= Problem to work on =
Scan the data below and pick out the lines containing the word "ShaderNodeOutputMaterial".

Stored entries
========================================
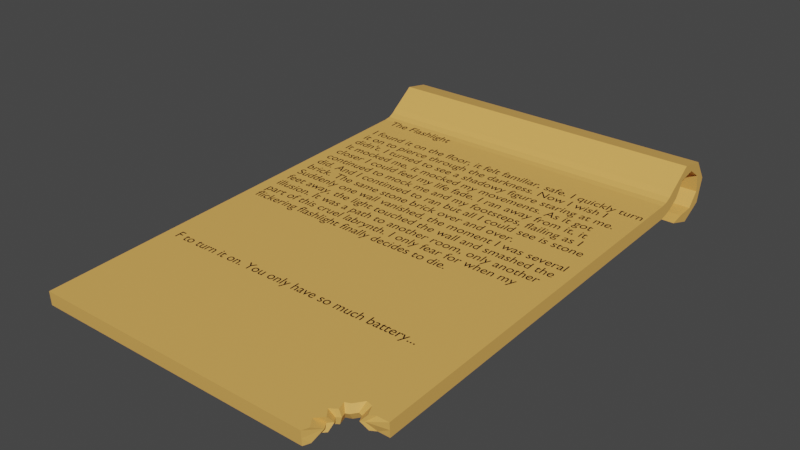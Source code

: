 # Source: parchment-The_Flashlight.blend  (saved by Blender 3.3.6; exported with 4.5.12 LTS)
import bpy
from mathutils import Matrix  # noqa: F401  (used for matrix-valued properties, if any)

bpy.ops.wm.read_factory_settings(use_empty=True)
scene = bpy.context.scene
scene.name = 'Scene'

# ---- materials (node trees are filled in below, after node groups)
mat_paper = bpy.data.materials.new('paper')
mat_paper.use_transparent_shadow = False
mat_material = bpy.data.materials.new('Material')
mat_material.alpha_threshold = 0.0
mat_material.use_transparent_shadow = False
mat_material.roughness = 0.5
mat_material.line_color = (0.0, 0.0, 0.0, 1.0)

# ---- material node trees
mat_paper.use_nodes = True; mat_paper.node_tree.nodes.clear()
_N = mat_paper.node_tree.nodes; _L = mat_paper.node_tree.links
n0 = _N.new('ShaderNodeBsdfPrincipled'); n0.name = 'Principled BSDF'; n0.location = (10, 300)
n0.distribution = 'GGX'
n0.subsurface_method = 'RANDOM_WALK_SKIN'
n0.inputs[0].default_value = (0.8, 0.4283, 0.1022, 1.0)
n0.inputs[3].default_value = 1.45
n0.inputs[27].default_value = (0.0, 0.0, 0.0, 1.0)
n0.inputs[28].default_value = 1.0
n1 = _N.new('ShaderNodeOutputMaterial'); n1.name = 'Material Output'; n1.location = (300, 300)
_L.new(n0.outputs[0], n1.inputs[0])
n1.is_active_output = True
mat_material.use_nodes = True; mat_material.node_tree.nodes.clear()
_N = mat_material.node_tree.nodes; _L = mat_material.node_tree.links
n0 = _N.new('ShaderNodeOutputMaterial'); n0.name = 'Material Output'; n0.location = (300, 300)
n1 = _N.new('ShaderNodeBsdfPrincipled'); n1.name = 'Principled BSDF'; n1.location = (10, 300)
n1.distribution = 'GGX'
n1.subsurface_method = 'RANDOM_WALK_SKIN'
n1.inputs[0].default_value = (0.0, 0.0, 0.0, 1.0)
n1.inputs[3].default_value = 1.45
n1.inputs[27].default_value = (0.0, 0.0, 0.0, 1.0)
n1.inputs[28].default_value = 1.0
_L.new(n1.outputs[0], n0.inputs[0])
n0.is_active_output = True

# ---- world
world_world = bpy.data.worlds.new('World'); scene.world = world_world
world_world.use_nodes = True; world_world.node_tree.nodes.clear()
_N = world_world.node_tree.nodes; _L = world_world.node_tree.links
n0 = _N.new('ShaderNodeOutputWorld'); n0.name = 'World Output'; n0.location = (300, 300)
n1 = _N.new('ShaderNodeBackground'); n1.name = 'Background'; n1.location = (10, 300)
n1.inputs[0].default_value = (0.05088, 0.05088, 0.05088, 1.0)
_L.new(n1.outputs[0], n0.inputs[0])
n0.is_active_output = True
world_world.color = (0.05088, 0.05088, 0.05088)
world_world.use_sun_shadow = False
world_world.sun_shadow_jitter_overblur = 0.0

# ---- meshes
me_cube_001 = bpy.data.meshes.new('Cube.001')
me_cube_001.from_pydata([(-0.4316, -0.5869, 0.0006672), (-0.4316, -0.5886, 0.0361), (-0.4316, 0.5937, 0.08629), (-0.4316, 0.5792, 0.1186), (-0.4316, 0.5865, 0.1025), (-0.4316, -0.5878, 0.01838), (0.4316, 0.5937, 0.08629), (0.4316, 0.5792, 0.1186), (-0.4316, 0.5826, 0.0786), (-0.4316, 0.565, 0.0665), (-0.4316, 0.5444, 0.05884), (-0.4316, 0.5273, 0.05512), (-0.4316, 0.5256, 0.09055), (-0.4316, 0.5421, 0.09331), (-0.4316, 0.5573, 0.1011), (-0.4316, 0.5695, 0.1116), (0.4316, 0.5273, 0.05512), (0.4316, 0.5444, 0.05884), (0.4316, 0.565, 0.0665), (0.4316, 0.5826, 0.0786), (0.4316, 0.5695, 0.1116), (0.4316, 0.5573, 0.1011), (0.4316, 0.5421, 0.09331), (0.4316, 0.5256, 0.09055), (-0.4316, 0.6171, 0.1253), (-0.4316, 0.6308, 0.158), (0.4316, 0.6171, 0.1253), (0.4316, 0.6308, 0.158), (-0.4316, 0.6615, 0.1348), (-0.4316, 0.6947, 0.1471), (0.4316, 0.6615, 0.1348), (0.4316, 0.6947, 0.1471), (-0.4316, 0.6988, 0.1089), (-0.4316, 0.7305, 0.09298), (0.4316, 0.6988, 0.1089), (0.4316, 0.7305, 0.09298), (-0.4316, 0.7053, 0.06391), (-0.4316, 0.7153, 0.0299), (0.4316, 0.7053, 0.06391), (0.4316, 0.7153, 0.0299), (-0.4316, 0.6769, 0.02846), (-0.4316, 0.6589, -0.002107), (0.4316, 0.6769, 0.02846), (0.4316, 0.6589, -0.002107), (-0.4316, 0.6316, 0.025), (-0.4316, 0.597, 0.01728), (0.4316, 0.6316, 0.025), (0.4316, 0.597, 0.01728), (0.3218, -0.5886, 0.0361), (0.3218, -0.5869, 0.0006672), (0.4316, -0.4743, 0.006167), (0.4316, -0.4761, 0.0416), (0.3288, -0.5728, 0.03687), (0.3143, -0.5506, 0.03795), (0.3322, -0.5328, 0.03882), (0.3177, -0.5139, 0.03975), (0.3344, -0.5028, 0.04029), (0.3288, -0.4828, 0.04127), (0.3422, -0.4772, 0.04154), (0.36, -0.455, 0.04263), (0.3767, -0.4594, 0.04241), (0.3878, -0.4839, 0.04121), (0.4023, -0.4761, 0.0416), (0.3288, -0.5711, 0.001439), (0.3143, -0.5489, 0.002526), (0.3322, -0.5311, 0.003395), (0.3177, -0.5122, 0.004319), (0.3344, -0.501, 0.004863), (0.3288, -0.481, 0.005841), (0.3422, -0.4755, 0.006113), (0.36, -0.4532, 0.0072), (0.3767, -0.4577, 0.006982), (0.3878, -0.4821, 0.005787), (0.4023, -0.4743, 0.006167), (0.4316, 0.5865, 0.1025), (0.3397, -0.5011, 0.02262), (0.3296, -0.5078, 0.02229), (0.3383, -0.5192, 0.02173), (0.4316, 0.576, 0.09508), (0.4316, 0.5612, 0.08381), (0.4316, 0.5432, 0.07607), (0.4316, 0.5265, 0.07284), (-0.4316, 0.5265, 0.07284), (-0.4316, 0.5432, 0.07607), (-0.4316, 0.5612, 0.08381), (-0.4316, 0.576, 0.09508), (-0.4316, 0.6239, 0.1416), (0.4316, 0.6239, 0.1416), (-0.4316, 0.6781, 0.141), (0.4316, 0.6781, 0.141), (-0.4316, 0.7146, 0.1009), (0.4316, 0.7146, 0.1009), (-0.4316, 0.7103, 0.0469), (0.4316, 0.7103, 0.0469), (-0.4316, 0.6679, 0.01318), (0.4316, 0.6679, 0.01318), (-0.4316, 0.6143, 0.02114), (0.4316, 0.6143, 0.02114), (0.3276, -0.5299, 0.02121), (0.3363, -0.5434, 0.02055), (0.4316, -0.4752, 0.02388), (0.3218, -0.5878, 0.01838), (0.3363, -0.489, 0.02321), (0.3444, -0.4856, 0.02337), (0.3551, -0.4722, 0.02403), (0.3652, -0.4749, 0.0239), (0.3719, -0.4897, 0.02318), (0.3807, -0.485, 0.02341)], [], [(85, 15, 3, 4), (3, 7, 27, 25), (81, 23, 51, 100), (76, 55, 54, 77), (11, 16, 50, 73, 72, 71, 70, 69, 68, 67, 66, 65, 64, 63, 49, 0), (23, 12, 1, 48, 52, 53, 54, 55, 56, 57, 58, 59, 60, 61, 62, 51), (7, 3, 15, 20), (20, 15, 14, 21), (21, 14, 13, 22), (22, 13, 12, 23), (2, 6, 19, 8), (8, 19, 18, 9), (9, 18, 17, 10), (10, 17, 16, 11), (74, 7, 20, 78), (78, 20, 21, 79), (79, 21, 22, 80), (80, 22, 23, 81), (5, 1, 12, 82), (82, 12, 13, 83), (83, 13, 14, 84), (84, 14, 15, 85), (25, 27, 31, 29), (4, 3, 25, 86), (74, 6, 26, 87), (6, 2, 24, 26), (89, 30, 34, 91), (86, 25, 29, 88), (87, 26, 30, 89), (26, 24, 28, 30), (33, 35, 39, 37), (30, 28, 32, 34), (29, 31, 35, 33), (88, 29, 33, 90), (92, 37, 41, 94), (90, 33, 37, 92), (91, 34, 38, 93), (34, 32, 36, 38), (95, 42, 46, 97), (93, 38, 42, 95), (38, 36, 40, 42), (37, 39, 43, 41), (96, 45, 47, 97), (42, 40, 44, 46), (41, 43, 47, 45), (94, 41, 45, 96), (75, 56, 55, 76), (77, 54, 53, 98), (98, 53, 52, 99), (101, 48, 1, 5), (99, 52, 48, 101), (75, 102, 57, 56), (103, 102, 68, 69), (104, 103, 69, 70), (105, 104, 70, 71), (106, 105, 71, 72), (107, 106, 72, 73), (100, 107, 73, 50), (51, 62, 107, 100), (62, 61, 106, 107), (61, 60, 105, 106), (60, 59, 104, 105), (59, 58, 103, 104), (58, 57, 102, 103), (67, 68, 102, 75), (63, 99, 101, 49), (49, 101, 5, 0), (64, 98, 99, 63), (65, 77, 98, 64), (67, 75, 76, 66), (40, 94, 96, 44), (44, 96, 97, 46), (39, 93, 95, 43), (43, 95, 97, 47), (35, 91, 93, 39), (32, 90, 92, 36), (36, 92, 94, 40), (28, 88, 90, 32), (27, 87, 89, 31), (24, 86, 88, 28), (31, 89, 91, 35), (7, 74, 87, 27), (2, 4, 86, 24), (9, 84, 85, 8), (10, 83, 84, 9), (11, 82, 83, 10), (0, 5, 82, 11), (17, 80, 81, 16), (18, 79, 80, 17), (19, 78, 79, 18), (6, 74, 78, 19), (66, 76, 77, 65), (16, 81, 100, 50), (8, 85, 4, 2)])
_uv = me_cube_001.uv_layers.new(name='UVMap')
_uv.uv.foreach_set('vector', [0.5, 0.2, 0.625, 0.2, 0.625, 0.25, 0.5, 0.25, 0.875, 0.5, 0.625, 0.5, 0.625, 0.5, 0.875, 0.5, 0.5, 0.7, 0.625, 0.7, 0.625, 0.7449, 0.5, 0.7449, 0.5, 0.7466, 0.658, 0.7466, 0.6538, 0.7475, 0.5, 0.7475, 0.125, 0.7, 0.375, 0.7, 0.375, 0.7449, 0.3665, 0.7449, 0.3623, 0.7453, 0.3591, 0.7442, 0.3543, 0.744, 0.3491, 0.745, 0.3452, 0.7452, 0.3469, 0.7461, 0.342, 0.7466, 0.3462, 0.7475, 0.341, 0.7483, 0.3452, 0.7493, 0.3432, 0.75, 0.125, 0.75, 0.625, 0.7, 0.875, 0.7, 0.875, 0.75, 0.6568, 0.75, 0.6548, 0.7493, 0.659, 0.7483, 0.6538, 0.7475, 0.658, 0.7466, 0.6531, 0.7461, 0.6548, 0.7452, 0.6509, 0.745, 0.6457, 0.744, 0.6409, 0.7442, 0.6377, 0.7453, 0.6335, 0.7449, 0.625, 0.7449, 0.625, 0.5, 0.875, 0.5, 0.875, 0.55, 0.625, 0.55, 0.625, 0.55, 0.875, 0.55, 0.875, 0.6, 0.625, 0.6, 0.625, 0.6, 0.875, 0.6, 0.875, 0.65, 0.625, 0.65, 0.625, 0.65, 0.875, 0.65, 0.875, 0.7, 0.625, 0.7, 0.125, 0.5, 0.375, 0.5, 0.375, 0.55, 0.125, 0.55, 0.125, 0.55, 0.375, 0.55, 0.375, 0.6, 0.125, 0.6, 0.125, 0.6, 0.375, 0.6, 0.375, 0.65, 0.125, 0.65, 0.125, 0.65, 0.375, 0.65, 0.375, 0.7, 0.125, 0.7, 0.5, 0.5, 0.625, 0.5, 0.625, 0.55, 0.5, 0.55, 0.5, 0.55, 0.625, 0.55, 0.625, 0.6, 0.5, 0.6, 0.5, 0.6, 0.625, 0.6, 0.625, 0.65, 0.5, 0.65, 0.5, 0.65, 0.625, 0.65, 0.625, 0.7, 0.5, 0.7, 0.5, 0.0, 0.625, 0.0, 0.625, 0.05, 0.5, 0.05, 0.5, 0.05, 0.625, 0.05, 0.625, 0.1, 0.5, 0.1, 0.5, 0.1, 0.625, 0.1, 0.625, 0.15, 0.5, 0.15, 0.5, 0.15, 0.625, 0.15, 0.625, 0.2, 0.5, 0.2, 0.875, 0.5, 0.625, 0.5, 0.625, 0.5, 0.875, 0.5, 0.5, 0.25, 0.625, 0.25, 0.625, 0.25, 0.5, 0.25, 0.5, 0.5, 0.375, 0.5, 0.375, 0.5, 0.5, 0.5, 0.375, 0.5, 0.125, 0.5, 0.125, 0.5, 0.375, 0.5, 0.5, 0.5, 0.375, 0.5, 0.375, 0.5, 0.5, 0.5, 0.5, 0.25, 0.625, 0.25, 0.625, 0.25, 0.5, 0.25, 0.5, 0.5, 0.375, 0.5, 0.375, 0.5, 0.5, 0.5, 0.375, 0.5, 0.125, 0.5, 0.125, 0.5, 0.375, 0.5, 0.875, 0.5, 0.625, 0.5, 0.625, 0.5, 0.875, 0.5, 0.375, 0.5, 0.125, 0.5, 0.125, 0.5, 0.375, 0.5, 0.875, 0.5, 0.625, 0.5, 0.625, 0.5, 0.875, 0.5, 0.5, 0.25, 0.625, 0.25, 0.625, 0.25, 0.5, 0.25, 0.5, 0.25, 0.625, 0.25, 0.625, 0.25, 0.5, 0.25, 0.5, 0.25, 0.625, 0.25, 0.625, 0.25, 0.5, 0.25, 0.5, 0.5, 0.375, 0.5, 0.375, 0.5, 0.5, 0.5, 0.375, 0.5, 0.125, 0.5, 0.125, 0.5, 0.375, 0.5, 0.5, 0.5, 0.375, 0.5, 0.375, 0.5, 0.5, 0.5, 0.5, 0.5, 0.375, 0.5, 0.375, 0.5, 0.5, 0.5, 0.375, 0.5, 0.125, 0.5, 0.125, 0.5, 0.375, 0.5, 0.875, 0.5, 0.625, 0.5, 0.625, 0.5, 0.875, 0.5, 0.5, 0.25, 0.625, 0.25, 0.625, 0.5, 0.5, 0.5, 0.375, 0.5, 0.125, 0.5, 0.125, 0.5, 0.375, 0.5, 0.875, 0.5, 0.625, 0.5, 0.625, 0.5, 0.875, 0.5, 0.5, 0.25, 0.625, 0.25, 0.625, 0.25, 0.5, 0.25, 0.5, 0.7461, 0.6531, 0.7461, 0.658, 0.7466, 0.5, 0.7466, 0.5, 0.7475, 0.6538, 0.7475, 0.659, 0.7483, 0.5, 0.7483, 0.5, 0.7483, 0.659, 0.7483, 0.6548, 0.7493, 0.5, 0.7493, 0.5, 0.7818, 0.625, 0.7818, 0.625, 1.0, 0.5, 1.0, 0.5, 0.7493, 0.6548, 0.7493, 0.625, 0.7818, 0.4841, 0.7659, 0.5, 0.7461, 0.5, 0.7452, 0.6548, 0.7452, 0.6531, 0.7461, 0.5, 0.745, 0.5, 0.7452, 0.3452, 0.7452, 0.3491, 0.745, 0.5, 0.744, 0.5, 0.745, 0.3491, 0.745, 0.3543, 0.744, 0.5, 0.7442, 0.5, 0.744, 0.3543, 0.744, 0.3591, 0.7442, 0.5, 0.7453, 0.5, 0.7442, 0.3591, 0.7442, 0.3623, 0.7453, 0.5, 0.7449, 0.5, 0.7453, 0.3623, 0.7453, 0.3665, 0.7449, 0.5, 0.7449, 0.5, 0.7449, 0.3665, 0.7449, 0.375, 0.7449, 0.625, 0.7449, 0.6335, 0.7449, 0.5, 0.7449, 0.5, 0.7449, 0.6335, 0.7449, 0.6377, 0.7453, 0.5, 0.7453, 0.5, 0.7449, 0.6377, 0.7453, 0.6409, 0.7442, 0.5, 0.7442, 0.5, 0.7453, 0.6409, 0.7442, 0.6457, 0.744, 0.5, 0.744, 0.5, 0.7442, 0.6457, 0.744, 0.6509, 0.745, 0.5, 0.745, 0.5, 0.744, 0.6509, 0.745, 0.6548, 0.7452, 0.5, 0.7452, 0.5, 0.745, 0.3469, 0.7461, 0.3452, 0.7452, 0.5, 0.7452, 0.5, 0.7461, 0.3452, 0.7493, 0.5, 0.7493, 0.4841, 0.7659, 0.3432, 0.75, 0.375, 0.7818, 0.5, 0.7818, 0.5, 1.0, 0.375, 1.0, 0.341, 0.7483, 0.5, 0.7483, 0.5, 0.7493, 0.3452, 0.7493, 0.3462, 0.7475, 0.5, 0.7475, 0.5, 0.7483, 0.341, 0.7483, 0.3469, 0.7461, 0.5, 0.7461, 0.5, 0.7466, 0.342, 0.7466, 0.375, 0.25, 0.5, 0.25, 0.5, 0.25, 0.375, 0.25, 0.375, 0.25, 0.5, 0.25, 0.5, 0.5, 0.375, 0.5, 0.625, 0.5, 0.5, 0.5, 0.5, 0.5, 0.625, 0.5, 0.625, 0.5, 0.5, 0.5, 0.5, 0.5, 0.625, 0.5, 0.625, 0.5, 0.5, 0.5, 0.5, 0.5, 0.625, 0.5, 0.375, 0.25, 0.5, 0.25, 0.5, 0.25, 0.375, 0.25, 0.375, 0.25, 0.5, 0.25, 0.5, 0.25, 0.375, 0.25, 0.375, 0.25, 0.5, 0.25, 0.5, 0.25, 0.375, 0.25, 0.625, 0.5, 0.5, 0.5, 0.5, 0.5, 0.625, 0.5, 0.375, 0.25, 0.5, 0.25, 0.5, 0.25, 0.375, 0.25, 0.625, 0.5, 0.5, 0.5, 0.5, 0.5, 0.625, 0.5, 0.625, 0.5, 0.5, 0.5, 0.5, 0.5, 0.625, 0.5, 0.375, 0.25, 0.5, 0.25, 0.5, 0.25, 0.375, 0.25, 0.375, 0.15, 0.5, 0.15, 0.5, 0.2, 0.375, 0.2, 0.375, 0.1, 0.5, 0.1, 0.5, 0.15, 0.375, 0.15, 0.375, 0.05, 0.5, 0.05, 0.5, 0.1, 0.375, 0.1, 0.375, 0.0, 0.5, 0.0, 0.5, 0.05, 0.375, 0.05, 0.375, 0.65, 0.5, 0.65, 0.5, 0.7, 0.375, 0.7, 0.375, 0.6, 0.5, 0.6, 0.5, 0.65, 0.375, 0.65, 0.375, 0.55, 0.5, 0.55, 0.5, 0.6, 0.375, 0.6, 0.375, 0.5, 0.5, 0.5, 0.5, 0.55, 0.375, 0.55, 0.342, 0.7466, 0.5, 0.7466, 0.5, 0.7475, 0.3462, 0.7475, 0.375, 0.7, 0.5, 0.7, 0.5, 0.7449, 0.375, 0.7449, 0.375, 0.2, 0.5, 0.2, 0.5, 0.25, 0.375, 0.25])
me_cube_001.materials.append(mat_paper)
me_cube_001.update()

# ---- curves / text
txt_hi = bpy.data.curves.new('Hi', 'FONT')
txt_hi.dimensions = '2D'
txt_hi.body = "The Flashlight\n\nI found it on the floor, it felt familiar, safe. I quickly turn\nit on to pierce through the darkness. Now I wish I\ndidn't. I turned to see a shadowy figure staring at me.\nIt mocked me, it mocked my movements. As it got\ncloser I could feel my life fade. I ran away from it, it \ncontinued to mock me and my footsteps, flailing as I\ndid. And I continued to ran but all I could see is stone \nbrick. The same stone brick over and over.\nSuddenly one wall vanished, the moment I was several \nfeet away, the light touched the wall and smashed the\nillusion. It was a path to another room, only another\npart of this cruel labrynth. I only fear for when my \nflickering flashlight finally decides to die.\n\n\n\n\n\n\nF to turn it on. You only have so much battery..."
txt_hi.materials.append(mat_material)

# ---- objects
ob_cube = bpy.data.objects.new('Cube', me_cube_001)
ob_text = bpy.data.objects.new('Text', txt_hi)

# ---- transforms, parenting, visibility, modifiers, constraints
ob_cube.location = (0.0, 0.0, 0.0)
ob_text.parent = ob_cube
ob_text.location = (-0.4013, 0.5039, 0.08989)
ob_text.rotation_euler = (0.04883, 1.084e-17, 2.647e-19)
ob_text.scale = (0.03679, 0.03679, 0.03679)

# ---- collection membership
scene.collection.objects.link(ob_cube)
scene.collection.objects.link(ob_text)

# ---- scene / render settings (as saved in the file)
scene.frame_start = 1; scene.frame_end = 250; scene.frame_set(1)
scene.render.engine = 'BLENDER_EEVEE_NEXT'
scene.cycles.sampling_pattern = 'TABULATED_SOBOL'
scene.cycles.use_light_tree = False
scene.view_settings.view_transform = 'Filmic'
bpy.context.view_layer.update()

# ---- added for rendering (the .blend has no active camera and no usable light): camera, sun
cam_auto = bpy.data.cameras.new('AutoCamera')
cam_auto.lens = 50.0
cam_auto.sensor_width = 36.0
cam_auto.clip_end = 1000.0
ob_auto_camera = bpy.data.objects.new('AutoCamera', cam_auto)
scene.collection.objects.link(ob_auto_camera)
ob_auto_camera.location = (1.46603, -1.68829, 1.25075)
ob_auto_camera.rotation_euler = (1.09748, -7.21219e-08, 0.694738)
scene.camera = ob_auto_camera
light_auto_sun = bpy.data.lights.new('AutoSun', 'SUN')
light_auto_sun.energy = 3.0
light_auto_sun.angle = 0.0523599
ob_auto_sun = bpy.data.objects.new('AutoSun', light_auto_sun)
scene.collection.objects.link(ob_auto_sun)
ob_auto_sun.rotation_euler = (0.872665, 0.174533, 0.523599)
bpy.context.view_layer.update()
========================================
= Task result =
n1 = _N.new('ShaderNodeOutputMaterial'); n1.name = 'Material Output'; n1.location = (300, 300)
n0 = _N.new('ShaderNodeOutputMaterial'); n0.name = 'Material Output'; n0.location = (300, 300)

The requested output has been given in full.